A Wavelength-Insensitive, Multispecies Entangling Gate for Group-2 Atomic Ions

Abstract

We propose an optical scheme for generating entanglement between co-trapped identical or dissimilar alkaline earth atomic ions (40Ca+, 88Sr+, 138Ba+, 226Ra+) which exhibits fundamental error rates below 10-4 and can be implemented with a broad range of laser wavelengths spanning from ultraviolet to infrared. We also discuss straightforward extensions of this technique to include the two lightest Group-2 ions (Be+, Mg+) for multispecies entanglement. The key elements of this wavelength-insensitive geometric phase gate are the use of a ground (S1/2) and a metastable (D5/2) electronic state as the qubit levels within a σz σz light-shift entangling gate.

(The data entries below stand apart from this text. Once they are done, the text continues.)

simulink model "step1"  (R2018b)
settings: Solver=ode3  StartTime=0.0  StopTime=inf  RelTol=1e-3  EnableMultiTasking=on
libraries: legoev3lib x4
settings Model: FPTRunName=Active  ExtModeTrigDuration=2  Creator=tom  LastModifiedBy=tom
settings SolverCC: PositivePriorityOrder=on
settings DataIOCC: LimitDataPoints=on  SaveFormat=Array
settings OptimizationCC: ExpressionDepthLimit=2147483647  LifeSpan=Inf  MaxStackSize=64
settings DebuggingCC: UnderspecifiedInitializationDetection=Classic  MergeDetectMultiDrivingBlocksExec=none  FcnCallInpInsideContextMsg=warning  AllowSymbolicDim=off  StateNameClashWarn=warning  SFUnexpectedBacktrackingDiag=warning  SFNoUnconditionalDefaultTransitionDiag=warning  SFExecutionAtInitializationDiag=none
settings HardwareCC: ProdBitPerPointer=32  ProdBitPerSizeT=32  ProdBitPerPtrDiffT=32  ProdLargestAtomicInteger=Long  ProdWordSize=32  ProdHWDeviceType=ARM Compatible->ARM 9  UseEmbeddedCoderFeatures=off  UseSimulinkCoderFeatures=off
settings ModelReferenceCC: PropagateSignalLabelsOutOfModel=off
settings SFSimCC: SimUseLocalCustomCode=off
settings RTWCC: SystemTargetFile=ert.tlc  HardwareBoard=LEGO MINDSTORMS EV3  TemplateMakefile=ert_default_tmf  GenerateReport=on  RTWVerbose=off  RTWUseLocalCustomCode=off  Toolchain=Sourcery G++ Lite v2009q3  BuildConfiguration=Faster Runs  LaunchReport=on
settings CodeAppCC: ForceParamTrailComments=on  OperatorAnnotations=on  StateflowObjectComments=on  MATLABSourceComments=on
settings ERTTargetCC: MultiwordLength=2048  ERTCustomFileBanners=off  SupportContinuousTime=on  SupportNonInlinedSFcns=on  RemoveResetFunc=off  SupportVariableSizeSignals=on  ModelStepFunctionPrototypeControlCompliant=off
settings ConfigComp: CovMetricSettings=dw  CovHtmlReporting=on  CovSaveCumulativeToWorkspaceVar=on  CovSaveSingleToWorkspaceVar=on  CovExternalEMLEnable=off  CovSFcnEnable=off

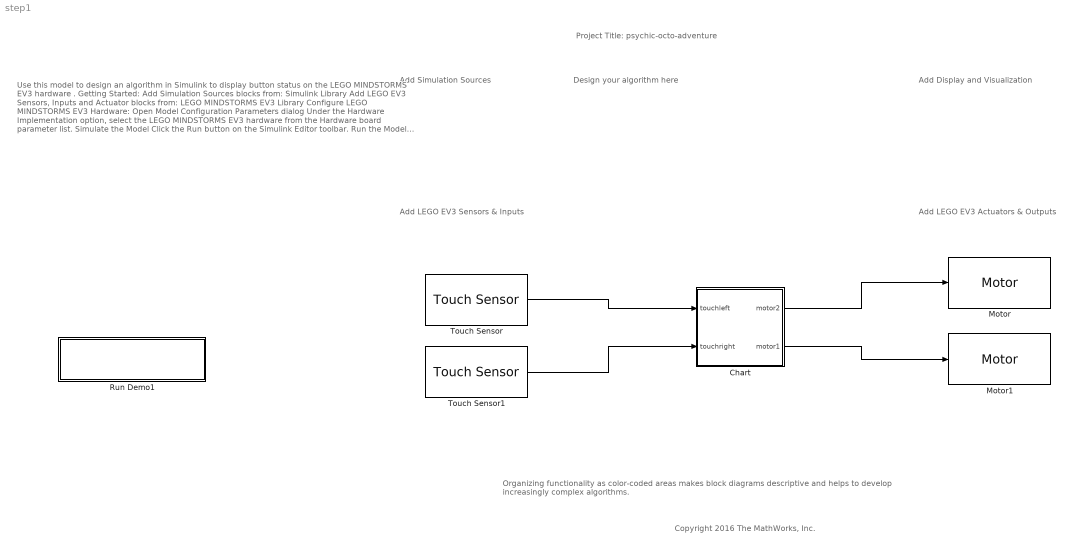
== system step1 ==
  note: Project Title: psychic-octo-adventure
  note: Copyright 2016 The MathWorks, Inc.
  note: Add LEGO EV3 Sensors & Inputs
  note: Add LEGO EV3 Actuators & Outputs
  note: Add Display and Visualization
  note: Design your algorithm here
  note: Add Simulation Sources
  note: Use this model to design an algorithm in Simulink to display button status on the LEGO MINDSTORMS EV3 hardware .
      |
      | Getting Started:
      |
      | Add Simulation Sources blocks from:
      | Simulink Library
      | Add LEGO EV3 Sensors, Inputs and Actuator blocks from:
      | LEGO MINDSTORMS EV3 Library
      |
      | Configure LEGO MINDSTORMS EV3 Hardware:
      |
      | Open Model Configuration Parameters dialog
      | Under the Hardware Implementation option, select the LEGO MINDSTORMS EV3 hardware from the Hardware board parameter list.
      |
      | Simulate the Model
      |
      | Click the Run button on the Simulink Editor toolbar.
      |
      | Run the Model on LEGO MINDSTORMS EV3 Hardware
      |
      | Click the Deploy to Hardware button on the Simulink Editor toolbar.
      |
      | Other Things to Try:
      |
      | Create and run a model that detects the obstacle and stops the LEGO EV3 robot. HINT: Use Ultrasonic Sensor and Motor blocks.
  note: Organizing functionality as color-coded areas makes block diagrams descriptive and helps to develop increasingly complex algorithms.
  Chart : Stateflow chart  TreatAsAtomicUnit=on
  Motor : legoev3lib/Motor  sportNumber=B  sstopAction=Brake
  Motor1 : legoev3lib/Motor  sportNumber=C  sstopAction=Brake
  Run Demo1 : Subsystem  Description=Controls host-side RTDX processing.
      mask Display: pic=imread('ev3DeploytoHardware.png');image(pic);
  Touch Sensor : legoev3lib/Touch Sensor  portNumber=1  sampleTime=0.1
      settings: SourceProductName=Simulink Support Package for LEGO MINDSTORMS EV3 Hardware  SourceProductBaseCode=LEGOEV3
  Touch Sensor1 : legoev3lib/Touch Sensor  portNumber=2  sampleTime=0.1
      settings: SourceProductName=Simulink Support Package for LEGO MINDSTORMS EV3 Hardware  SourceProductBaseCode=LEGOEV3
  wires:
  Chart/1(motor2) -> Motor/1
  Chart/2(motor1) -> Motor1/1
  Touch Sensor/1 -> Chart/1(touchleft)
  Touch Sensor1/1 -> Chart/2(touchright)

== system step1/Run Demo1 ==

== stateflow chart step1/Chart ==
  state RESET
  state TURNLEFT
    entry:
    motor1 = 23
    motor2 = -23
  state MANUAL
    entry:
    motor1 = 0;
    motor2 = 0;
  state AUTONOMOUS1
    entry:
    motor1 = 100
    motor2 = -100
  state HOLD
  state STOP
  state FORWARD
    entry:
    motor1 = 30;
    motor2 = 30;
  state TURNRIGHT
    entry:
    motor1 = -23
    motor2 = 23
  RESET -> MANUAL [order 1] : after(1, sec)
  AUTONOMOUS1 -> RESET : [touchleft == 1 & touchright == 1]
  RESET -> AUTONOMOUS1 [order 2] : [not(touchleft == 1 & touchright == 1)]
  (default) -> MANUAL
  TURNLEFT -> MANUAL : [not(touchleft == 1 & touchright == 0)]
  MANUAL -> TURNLEFT [order 1] : [touchleft == 1 & touchright == 0]
  MANUAL -> HOLD [order 3] : [touchleft == 1 & touchright == 1]
  HOLD -> AUTONOMOUS1 [order 2] : after(1, sec)
  HOLD -> FORWARD [order 1] : [not(touchleft == 1 & touchright == 1)]
  STOP -> MANUAL : [touchleft == 0 & touchright == 0]
  FORWARD -> STOP : [not(touchleft == 0 & touchright == 0)]
  TURNRIGHT -> MANUAL : [not(touchleft == 0 & touchright == 1)]
  MANUAL -> TURNRIGHT [order 2] : [touchleft == 0 & touchright == 1]
  data: touchleft input; motor2 output; motor1 output; touchright input

We present a detailed analysis of the principles and fundamental error sources for this gate scheme which includes photon scattering and spontaneous emission decoherence, calculating two-qubit-gate error rates and durations at fixed laser beam intensity over a large portion of the optical spectrum (300 nm to 2 μ m) for an assortment of ion pairs. We contrast the advantages and disadvantages of this technique against previous trapped-ion entangling gates and discuss its applications to quantum information processing and simulation with like and multispecies ion crystals.